During initial testing we noticed some crosstalk between the temperature sensor and wind direction sensors, which are both measured using multiplexed channels on the same ADC. This problem was solved by alternating these measurements between successive 10ms sampling intervals to allow sufficient settling time on the ADC input. In addition, we filtered the measured temperature using a 50 sample moving average to reduce noise.
The MPL115A2 absolute digital pressure sensor uses a MEMs pressure sensor and an on-board processor to convert the atmospheric pressure measurement to a 16 bit digital value that is communicated over an I2C interface. The TWRPI-MPL115A2 module is attached to the TWRPI connector on the TWR-KW24D512 board, which is configured to use the I2C interface on the KW24. The MPL115A2 is sampled every 10ms by the main measurement loop, and the measured value is filtered using a 30 sample moving average. An initial setup routine performs calibration of the barometer.
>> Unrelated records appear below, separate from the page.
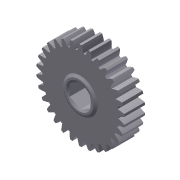
# Autodesk Inventor part: Spur Gear1
Saved by Autodesk Inventor 2015 (Build 190159000, 159)
## iProperties
Created: 2012-06-03
Part Number: Spur Gear1
Material: Aluminum-6061
Document SubType Name: Modeling
Designer: Nemo
Categories: <?xml version="1.0" encoding="UTF-16"?> <MemberInstance><Categories><FamilyTemplate><FamilyTemplateParameter ValueType="xs:double" Id="1" ObjectReferenceKey="da_z" ObjectType="kUserParameterObject"/><FamilyTemplateParameter ValueType="xs:double" Id="2" ObjectReferenceKey="da_b" ObjectType="kUserParameterObject"/><FamilyTemplateParameter ValueType="xs:double" Id="3" ObjectReferenceKey="da_beta" ObjectType="kUserParameterObject"/><FamilyTemplateParameter ValueType="xs:double" Id="4" ObjectReferenceKey="da_da" ObjectType="kUserParameterObject"/><FamilyTemplateParameter ValueType="xs:double" Id="5" ObjectReferenceKey="da_aw" ObjectType="kUserParameterObject"/><FamilyTemplateParameter ValueType="xs:string" Id="6" ObjectReferenceKey="EAIAABAAAAC/AAAAAAAAAIAAAAAAAAAA" ObjectType="83910656" SubObjectId="SurfaceGeometry"/></FamilyTemplate><ParamToTemplateMap><ParamToTemplate CategoryParameter="//CategoryParameter[@InternalName='046C89C9-8512-4d59-83FE-43B91F4F132A']" TemplateParameter="1"/><ParamToTemplate CategoryParameter="//CategoryParameter[@InternalName='2552DF32-E462-4b46-AEBF-C6C7768E72AC']" TemplateParameter="2"/><ParamToTemplate CategoryParameter="//CategoryParameter[@InternalName='C9EE641D-15FC-4fae-A226-E94C4372FDD7']" TemplateParameter="3"/><ParamToTemplate><ParamToTemplate CategoryParameter="//CategoryParameter[@InternalName='00B6519A-459B-49c7-AD84-2E56D39A5744']" ConstantValue="0.000000"/></ParamToTemplate><ParamToTemplate><ParamToTemplate CategoryParameter="//CategoryParameter[@InternalName='04B31F0E-C7A6-4894-AA32-9629BEFACF47']" ConstantValue="1.000000"/></ParamToTemplate><ParamToTemplate><ParamToTemplate CategoryParameter="//CategoryParameter[@InternalName='43CBEC2E-7847-49e7-A936-2F7889FCB2D9']" ConstantValue="0.250000"/></ParamToTemplate><ParamToTemplate><ParamToTemplate CategoryParameter="//CategoryParameter[@InternalName='B1EFC894-105D-4ebd-86BF-FA20ED196853']" ConstantValue="0.333500"/></ParamToTemplate><ParamToTemplate><ParamToTemplate CategoryParameter="//CategoryParameter[@InternalName='51175063-3D10-4879-93E8-6246FE8B403D']" ConstantValue="2060110000.000000"/></ParamToTemplate><ParamToTemplate><ParamToTemplate CategoryParameter="//CategoryParameter[@InternalName='A3A52E27-4454-46a9-B0BD-C932399B70AF']" ConstantValue="0.300000"/></ParamToTemplate><ParamToTemplate><ParamToTemplate CategoryParameter="//CategoryParameter[@InternalName='91B76062-C214-41d9-B1B9-14D2AB99603D']" ConstantValue="0.127000"/></ParamToTemplate><ParamToTemplate><ParamToTemplate CategoryParameter="//CategoryParameter[@InternalName='374E806E-8B8A-4dda-A9AA-1039D6500AD2']" ConstantValue="7.874016"/></ParamToTemplate><ParamToTemplate><ParamToTemplate CategoryParameter="//CategoryParameter[@InternalName='2D373A89-B862-43d6-8D0B-0CBF12AB9F6C']" ConstantValue="0.253073"/></ParamToTemplate><ParamToTemplate CategoryParameter="//CategoryParameter[@InternalName='37777632-D6A2-4fac-9D53-DB8ACD95C989']" TemplateParameter="4"/><ParamToTemplate CategoryParameter="//CategoryParameter[@InternalName='FD1017F1-B727-4f7e-9707-0F86F1FF9423']" TemplateParameter="5"/><ParamToTemplate><ParamToTemplate CategoryParameter="//CategoryParameter[@InternalName='9E1B4470-B2D3-4ff1-B813-535BB4CDF51A']" ConstantValue="3520790.000000"/></ParamToTemplate><ParamToTemplate><ParamToTemplate CategoryParameter="//CategoryParameter[@InternalName='F8452263-BFF6-458c-9FB1-07C4B99E95CD']" ConstantValue="11389170.000000"/></ParamToTemplate><ParamToTemplate><ParamToTemplate CategoryParameter="//CategoryParameter[@InternalName='3E3BB259-FD49-497f-8171-6EBC954A3479']" ConstantValue="2.000000"/></ParamToTemplate><ParamToTemplate CategoryParameter="//CategoryParameter[@InternalName='27C3BAF2-7550-4e4b-AE2C-0DB134B7D9B7']" TemplateParameter="6"/></ParamToTemplateMap><Category DisplayName="Gear" InternalName="DC85795E-93AB-48d5-8EEE-5A27447B64BD" Mnemonic="Gear"><CategoryParameter DisplayName="z" InternalName="046C89C9-8512-4d59-83FE-43B91F4F132A" Mnemonic="z"/><CategoryParameter DisplayName="b" InternalName="2552DF32-E462-4b46-AEBF-C6C7768E72AC" Mnemonic="b"/><CategoryParameter DisplayName="||b|" InternalName="C9EE641D-15FC-4fae-A226-E94C4372FDD7" Mnemonic="beta"/><CategoryParameter DisplayName="x" InternalName="00B6519A-459B-49c7-AD84-2E56D39A5744" Mnemonic="x"/><CategoryParameter DisplayName="a*" InternalName="04B31F0E-C7A6-4894-AA32-9629BEFACF47" Mnemonic="a"/><CategoryParameter DisplayName="c*" InternalName="43CBEC2E-7847-49e7-A936-2F7889FCB2D9" Mnemonic="c"/><CategoryParameter DisplayName="r|.f|*" InternalName="B1EFC894-105D-4ebd-86BF-FA20ED196853" Mnemonic="rf"/><CategoryParameter DisplayName="E" InternalName="51175063-3D10-4879-93E8-6246FE8B403D" Mnemonic="E"/><CategoryParameter DisplayName="||m|" InternalName="A3A52E27-4454-46a9-B0BD-C932399B70AF" Mnemonic="mi"/><Category DisplayName="SpurGear" InternalName="26C5A22E-A91E-4dfd-A3B3-23CCAFAE1764" Mnemonic="SpurGear"><CategoryParameter DisplayName="m" InternalName="91B76062-C214-41d9-B1B9-14D2AB99603D" Mnemonic="m"/><CategoryParameter DisplayName="P" InternalName="374E806E-8B8A-4dda-A9AA-1039D6500AD2" Mnemonic="PP"/><CategoryParameter DisplayName="||a|" InternalName="2D373A89-B862-43d6-8D0B-0CBF12AB9F6C" Mnemonic="alpha"/><CategoryParameter DisplayName="d|.a|" InternalName="37777632-D6A2-4fac-9D53-DB8ACD95C989" Mnemonic="da"/><CategoryParameter DisplayName="a|.w|" InternalName="FD1017F1-B727-4f7e-9707-0F86F1FF9423" Mnemonic="aw"/><CategoryParameter DisplayName="||s||.Flim|" InternalName="9E1B4470-B2D3-4ff1-B813-535BB4CDF51A" Mnemonic="sFlim"/><CategoryParameter DisplayName="||s||.Hlim|" InternalName="F8452263-BFF6-458c-9FB1-07C4B99E95CD" Mnemonic="sHlim"/><CategoryParameter DisplayName="type" InternalName="3E3BB259-FD49-497f-8171-6EBC954A3479" Mnemonic="type"/><CategoryParameter DisplayName="PitchDiameter" InternalName="27C3BAF2-7550-4e4b-AE2C-0DB134B7D9B7" Mnemonic="IDS_PITCHDIAM"/></Category></Category></Categories></MemberInstance>
Density: 2.71 g/cm^3
Mass: 29.2157 g
Surface Area: 45.6064 cm^2
Volume: 10.7807 cm^3
Appearance: Aluminum - Flat
CustomPartVersion: 1
Author: Nemo
Autodesk Inventor part; units mm, degrees
sketch "Sketch1" plane through (0, 0, 0) normal (0, 0, 1) x (1, 0, 0)
  circle A0 centre (0, 0) radius 20.32
  dimension "d0" = 40.64
  constraints: 1 centre point
  measures "d0" diameter of A0
extrude "Extrusion1" add sketch "Sketch1" along normal blind 9.525
sketch "Sketch2" plane through (0, 0, 0) normal (0, 0, -1) x (-1, 0, 0)
  circle A0 centre (0, 0) radius 20.32 projected
  circle A1 centre (0, 0) radius 19.05
  dimension "d3" = 38.1
  constraints: 1 centre point, 1 coincident
  measures "d3" diameter of A1
surface extrude "Pitch Diameter" sketch "Sketch2" against normal through all shown no curves A1
ref_plane "Work Plane1" through (0, 0, 0) normal (1, 0, 0) x (0, 1, 0)
ref_plane "Work Plane2" through (0, 0, 0) normal (0.9945219, 0.1045285, 0) x (0, 0, 1)
ref_plane "Work Plane3" through (0, 0, 4.7625) normal (0, 0, -1) x (-1, 0, 0)
spur gear teeth "Spur Gear" teeth 30 pitch diameter 38.1 tip diameter 40.64 root diameter 34.925 face width 9.525 start plane through (0, 0, 0) normal (0, 0, -1) x (-1, 0, 0)
sketch "Sketch3" plane through (0, 0, 9.525) normal (0, 0, 1) x (1, 0, 0)
  arc A0 (-3.703, 19.9797) -> (-4.7436, 19.7586) centre (0, 0) ccw projected
  circle A1 centre (0, 0) radius 7.9502
  dimension "d20" = 15.9004
  constraints: 1 centre point, 1 coincident
  measures "d20" diameter of A1
extrude "Extrusion2" add sketch "Sketch3" along normal blind 0.635
sketch "Sketch4" plane through (0, 0, 10.16) normal (0, 0, 1) x (1, 0, 0)
  circle A0 centre (0, 0) radius 7.9502 projected
  line L0 (0, 5.4993) -> (4.7625, 2.7496)
  line L1 (4.7625, 2.7496) -> (4.7625, -2.7496)
  line L2 (4.7625, -2.7496) -> (0, -5.4993)
  line L3 (0, -5.4993) -> (-4.7625, -2.7496)
  line L4 (-4.7625, -2.7496) -> (-4.7625, 2.7496)
  line L5 (-4.7625, 2.7496) -> (0, 5.4993)
  dimension "d23" = 9.525
  constraints: 12 end point, 1 coincident, 1 vertical alignment, 13 other
  measures "d23" distance between parallel lines of L1 L4
extrude "Extrusion3" cut sketch "Sketch4" against normal through all contours L0 L1 L2 L3 L4 L5
sketch "Sketch5" plane through (0, 0, 0) normal (1, 0, 0) x (0, 1, 0)
  line L0 (-7.9502, 9.525) -> (-7.9502, 10.16) projected
  line L1 (-7.9502, 10.16) -> (-5.4993, 10.16) projected
  line L2 (-5.4993, 10.16) -> (-5.4993, 0) projected
  line L3 (-5.4993, 0) -> (-20.32, 0) projected
  line L4 (-20.32, 0) -> (-20.32, 9.525) projected
  line L5 (-20.32, 9.525) -> (-7.9502, 9.525) projected
  line L6 (7.9502, 10.16) -> (7.9502, 9.525) projected
  line L7 (7.9502, 9.525) -> (20.32, 9.525) projected
  line L8 (20.32, 9.525) -> (20.32, 0) projected
  line L9 (20.32, 0) -> (5.4993, 0) projected
  line L10 (5.4993, 0) -> (5.4993, 10.16) projected
  line L11 (5.4993, 10.16) -> (7.9502, 10.16) projected
  line L12 (0, 0) -> (0, 16.7192)
  line L13 (7.9502, 9.525) -> (6.8072, 10.16)
  line L14 (6.8072, 10.16) -> (7.9502, 10.16)
  line L15 (7.9502, 10.16) -> (7.9502, 9.525)
  line L16 (5.9182, 10.16) -> (3.6977, 8.9266)
  line L17 (3.6977, 8.9266) -> (3.6977, 10.16)
  line L18 (3.6977, 10.16) -> (5.9182, 10.16)
  dimension "d26" = 1.143
  dimension "d27" = 0.889
  dimension "d28" = 29.05
  dimension "d29" = 2.54
  constraints: 14 end point, 2 collinear, 2 perpendicular, 2 point on line, 1 parallel
  measures "d26" distance of L13.end L6.start
  measures "d27" distance of L16.start L13.end
  measures "d28" angle of L16 L18
  measures "d29" distance of L16.start L16.end
revolve "Revolution1" cut sketch "Sketch5" angle 360 about axis through (0, 0, 0) along (0, 0, 1) contours L6 L13 L11 | L16 L10 L11 | L10 L16 L17 L18
equation "\"d0\" = da_da"
equation "\"d1\" = da_b"
equation "\"d3\" = da_dw"
equation "\"d15\" = da_aw"
equation "\"d19\" = da_aw"
equation "\"da_da\" = 40.64"
equation "\"da_b\" = 9.525"
equation "\"da_dw\" = 38.1"
equation "\"da_aw\" = 95.25"
body "Solid1"
body "Srf1"

The weather station is configured as a Thread Router, which means that it can act as a repeater node in the mesh network as well as a source of sensor data. For this demo we used a USB-KW24D512 configured as the Thread Border Router. The USB-KW24D512 communicates with a Utilite IOT Gateway running Proximetry AirSync agent to send the measurement data to the Proximetry cloud service. The weather station is configured to transmit data once every 15 seconds, although this can easily be changed. The data appears in near-real time on the Proximetry portal, which also provides network status and topology information.
The students completed the weather station design, and we have since built additional demo installations that are being used in customer demos around the world. In the end, this turned out to be a highly rewarding project and the students learned a lot – not only about our microcontroller and Thread networking technologies but also about the process of specifying, designing, building, coding, testing and documenting. I can’t wait to see the great new IoT “Thing” they come up with next!